What Mango’s team had discovered is that a organ isn’t simply a collection of cells in a pattern labeled as such by observers, but rather “a unit of organization for the animal.”
Knowing that the pha-4 gene was central to producing a pharynx, the next question for the lab was “How does it work? How does it… pop out an organ at the end?”
Instead of it turning on a second gene that would turn on some third gene that would turn on yet another gene — like a busy little assembly line miraculously producing a pharynx — the gene pha-4 seems to have a global role targeting most other genes involved in the formation of the organ-to-be.
“You can imagine that an organ has to turn on many different genes in order to make all its tissues (for instance, the muscles, nerves, epithelium, and glands in the pharynx). Some genes come on and begin their work earlier than others,” Mango explains. “So…pha-4… is sitting down on hundreds of genes.”
pha-4 uses its binding preference like a conductor’s baton to direct genes to activate. As a consequence, when pha-4 is taken away, “the cells don’t become what they should, and the organ doesn’t form,” the researcher explains.

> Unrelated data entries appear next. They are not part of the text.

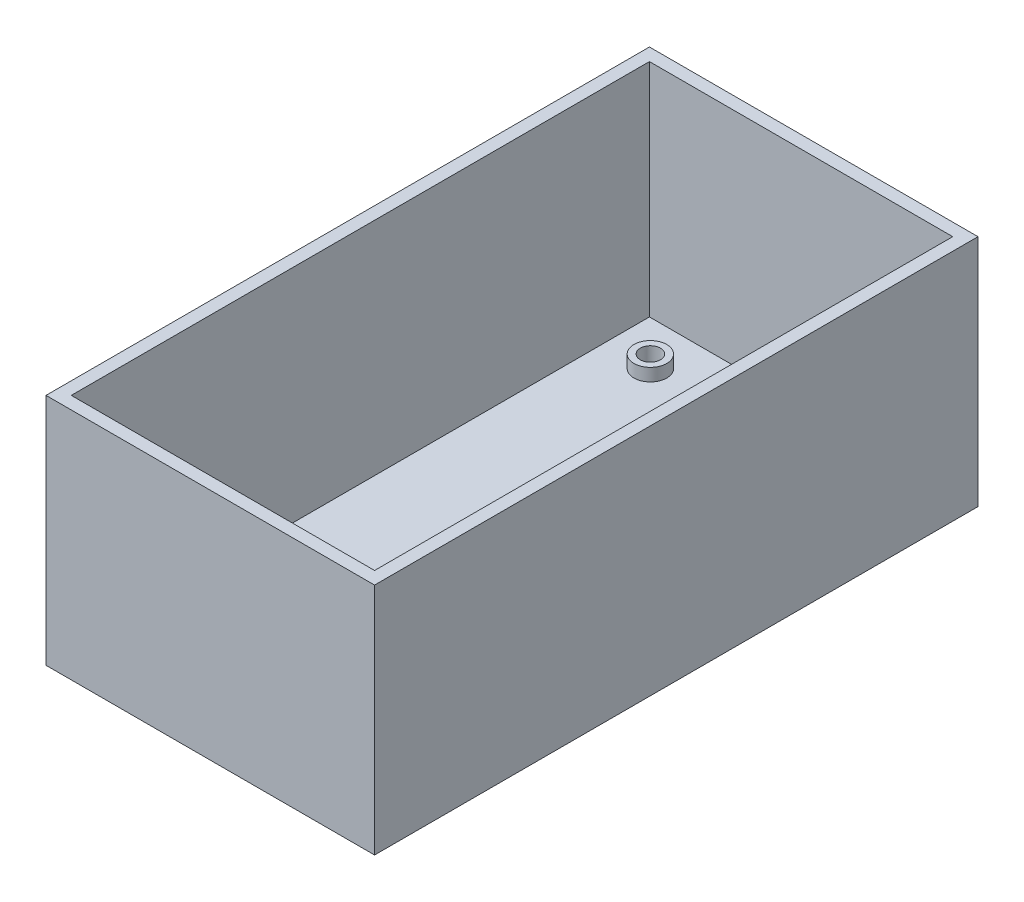
ISO-10303-21;
HEADER;
FILE_DESCRIPTION(('STEP AP214'),'2;1');
FILE_NAME('part.step','',(''),(''),'','','');
FILE_SCHEMA(('AUTOMOTIVE_DESIGN { 1 0 10303 214 1 1 1 1 }'));
ENDSEC;
DATA;
#1=APPLICATION_CONTEXT('core data for automotive mechanical design processes');
#2=APPLICATION_PROTOCOL_DEFINITION('international standard','automotive_design',2000,#1);
#3=PRODUCT_CONTEXT('',#1,'mechanical');
#4=PRODUCT('Part','Part','',(#3));
#5=PRODUCT_RELATED_PRODUCT_CATEGORY('part','',(#4));
#6=PRODUCT_DEFINITION_FORMATION('','',#4);
#7=PRODUCT_DEFINITION_CONTEXT('part definition',#1,'design');
#8=PRODUCT_DEFINITION('design','',#6,#7);
#9=PRODUCT_DEFINITION_SHAPE('','',#8);
#10=(LENGTH_UNIT() NAMED_UNIT(*) SI_UNIT(.MILLI.,.METRE.));
#11=(NAMED_UNIT(*) PLANE_ANGLE_UNIT() SI_UNIT($,.RADIAN.));
#12=(NAMED_UNIT(*) SI_UNIT($,.STERADIAN.) SOLID_ANGLE_UNIT());
#13=UNCERTAINTY_MEASURE_WITH_UNIT(LENGTH_MEASURE(1.E-05),#10,'distance_accuracy_value','');
#14=(GEOMETRIC_REPRESENTATION_CONTEXT(3) GLOBAL_UNCERTAINTY_ASSIGNED_CONTEXT((#13)) GLOBAL_UNIT_ASSIGNED_CONTEXT((#10,
#11,#12)) REPRESENTATION_CONTEXT('',''));
#15=CARTESIAN_POINT('',(0.,0.,0.));
#16=DIRECTION('',(0.,0.,1.));
#17=DIRECTION('',(1.,0.,0.));
#18=AXIS2_PLACEMENT_3D('',#15,#16,#17);
#19=CARTESIAN_POINT('',(26.,2.,-47.75));
#20=DIRECTION('',(-1.,0.,0.));
#21=DIRECTION('',(0.,0.,1.));
#22=AXIS2_PLACEMENT_3D('',#19,#20,#21);
#23=PLANE('',#22);
#24=DIRECTION('',(0.,0.,-1.));
#25=VECTOR('',#24,1.);
#26=CARTESIAN_POINT('',(26.,0.,-47.75));
#27=LINE('',#26,#25);
#28=CARTESIAN_POINT('',(26.,0.,47.75));
#29=VERTEX_POINT('',#28);
#30=CARTESIAN_POINT('',(26.,0.,-47.75));
#31=VERTEX_POINT('',#30);
#32=EDGE_CURVE('E185',#29,#31,#27,.T.);
#33=ORIENTED_EDGE('',*,*,#32,.T.);
#34=DIRECTION('',(0.,-1.,0.));
#35=VECTOR('',#34,1.);
#36=CARTESIAN_POINT('',(26.,2.,-47.75));
#37=LINE('',#36,#35);
#38=CARTESIAN_POINT('',(26.,37.,-47.75));
#39=VERTEX_POINT('',#38);
#40=EDGE_CURVE('E11',#39,#31,#37,.T.);
#41=ORIENTED_EDGE('',*,*,#40,.F.);
#42=DIRECTION('',(0.,0.,-1.));
#43=VECTOR('',#42,1.);
#44=CARTESIAN_POINT('',(26.,37.,47.75));
#45=LINE('',#44,#43);
#46=CARTESIAN_POINT('',(26.,37.,47.75));
#47=VERTEX_POINT('',#46);
#48=EDGE_CURVE('E157',#47,#39,#45,.T.);
#49=ORIENTED_EDGE('',*,*,#48,.F.);
#50=DIRECTION('',(0.,-1.,0.));
#51=VECTOR('',#50,1.);
#52=CARTESIAN_POINT('',(26.,2.,47.75));
#53=LINE('',#52,#51);
#54=EDGE_CURVE('E198',#47,#29,#53,.T.);
#55=ORIENTED_EDGE('',*,*,#54,.T.);
#56=EDGE_LOOP('',(#33,#41,#49,#55));
#57=FACE_BOUND('',#56,.T.);
#58=ADVANCED_FACE('F39',(#57),#23,.F.);
#59=CARTESIAN_POINT('',(-26.,2.,-47.75));
#60=DIRECTION('',(0.,0.,1.));
#61=DIRECTION('',(1.,0.,0.));
#62=AXIS2_PLACEMENT_3D('',#59,#60,#61);
#63=PLANE('',#62);
#64=DIRECTION('',(-1.,0.,0.));
#65=VECTOR('',#64,1.);
#66=CARTESIAN_POINT('',(-26.,0.,-47.75));
#67=LINE('',#66,#65);
#68=CARTESIAN_POINT('',(-26.,0.,-47.75));
#69=VERTEX_POINT('',#68);
#70=EDGE_CURVE('E189',#31,#69,#67,.T.);
#71=ORIENTED_EDGE('',*,*,#70,.T.);
#72=DIRECTION('',(0.,-1.,0.));
#73=VECTOR('',#72,1.);
#74=CARTESIAN_POINT('',(-26.,2.,-47.75));
#75=LINE('',#74,#73);
#76=CARTESIAN_POINT('',(-26.,37.,-47.75));
#77=VERTEX_POINT('',#76);
#78=EDGE_CURVE('E47',#77,#69,#75,.T.);
#79=ORIENTED_EDGE('',*,*,#78,.F.);
#80=DIRECTION('',(-1.,0.,0.));
#81=VECTOR('',#80,1.);
#82=CARTESIAN_POINT('',(26.,37.,-47.75));
#83=LINE('',#82,#81);
#84=EDGE_CURVE('E161',#39,#77,#83,.T.);
#85=ORIENTED_EDGE('',*,*,#84,.F.);
#86=ORIENTED_EDGE('',*,*,#40,.T.);
#87=EDGE_LOOP('',(#71,#79,#85,#86));
#88=FACE_BOUND('',#87,.T.);
#89=ADVANCED_FACE('F223',(#88),#63,.F.);
#90=CARTESIAN_POINT('',(-26.,2.,-47.75));
#91=DIRECTION('',(1.,0.,0.));
#92=DIRECTION('',(0.,0.,-1.));
#93=AXIS2_PLACEMENT_3D('',#90,#91,#92);
#94=PLANE('',#93);
#95=DIRECTION('',(0.,0.,1.));
#96=VECTOR('',#95,1.);
#97=CARTESIAN_POINT('',(-26.,0.,-47.75));
#98=LINE('',#97,#96);
#99=CARTESIAN_POINT('',(-26.,0.,47.75));
#100=VERTEX_POINT('',#99);
#101=EDGE_CURVE('E192',#69,#100,#98,.T.);
#102=ORIENTED_EDGE('',*,*,#101,.T.);
#103=DIRECTION('',(0.,-1.,0.));
#104=VECTOR('',#103,1.);
#105=CARTESIAN_POINT('',(-26.,2.,47.75));
#106=LINE('',#105,#104);
#107=CARTESIAN_POINT('',(-26.,37.,47.75));
#108=VERTEX_POINT('',#107);
#109=EDGE_CURVE('E202',#108,#100,#106,.T.);
#110=ORIENTED_EDGE('',*,*,#109,.F.);
#111=DIRECTION('',(0.,0.,1.));
#112=VECTOR('',#111,1.);
#113=CARTESIAN_POINT('',(-26.,37.,-47.75));
#114=LINE('',#113,#112);
#115=EDGE_CURVE('E165',#77,#108,#114,.T.);
#116=ORIENTED_EDGE('',*,*,#115,.F.);
#117=ORIENTED_EDGE('',*,*,#78,.T.);
#118=EDGE_LOOP('',(#102,#110,#116,#117));
#119=FACE_BOUND('',#118,.T.);
#120=ADVANCED_FACE('F210',(#119),#94,.F.);
#121=CARTESIAN_POINT('',(-26.,2.,47.75));
#122=DIRECTION('',(0.,0.,-1.));
#123=DIRECTION('',(-1.,0.,0.));
#124=AXIS2_PLACEMENT_3D('',#121,#122,#123);
#125=PLANE('',#124);
#126=DIRECTION('',(1.,0.,0.));
#127=VECTOR('',#126,1.);
#128=CARTESIAN_POINT('',(-26.,0.,47.75));
#129=LINE('',#128,#127);
#130=EDGE_CURVE('E195',#100,#29,#129,.T.);
#131=ORIENTED_EDGE('',*,*,#130,.T.);
#132=ORIENTED_EDGE('',*,*,#54,.F.);
#133=DIRECTION('',(1.,0.,0.));
#134=VECTOR('',#133,1.);
#135=CARTESIAN_POINT('',(-26.,37.,47.75));
#136=LINE('',#135,#134);
#137=EDGE_CURVE('E120',#108,#47,#136,.T.);
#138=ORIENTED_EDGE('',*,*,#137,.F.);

It was the mutant worm what started Mango asking how an organ forms. Since Mango’s discovery, researchers have found genes with similar functions in the eye and the pancreas. The gene pha-4’s existence has been confirmed in creatures from simple life forms to humans. Its is a most basic
of biological roles.
Is it possible that there’s a gene associated with the formation of each organ? “It’s possible, but we haven’t found these ‘organ identity genes’ for all organs,” Mango says.
For now there are more questions than answers, and however impatient Mango confesses to be, she has all the patience in the world for coming up with new ones. How do early things happen early in development? How do later things happen later? When does pha-4 find its targets? What’s happening in a developing worm’s embryo over the course of time? Can we watch this in other living animals?
“If you’re going to build an organ, just like building a house, you need to start at the beginning and then progress,” Mango says. “You wouldn’t put the plumbing after you’ve put up the walls in your new house, right?”
Another important question Mango has yet to answer is what she plans to do with the half-million that come with the MacArthur honor. “Sometimes I dream about starting in some new research direction, totally off the wall,” Mango says, “In truth, I haven’t done anything specific with it yet.” If her research record is any example, she’ll find an answer soon.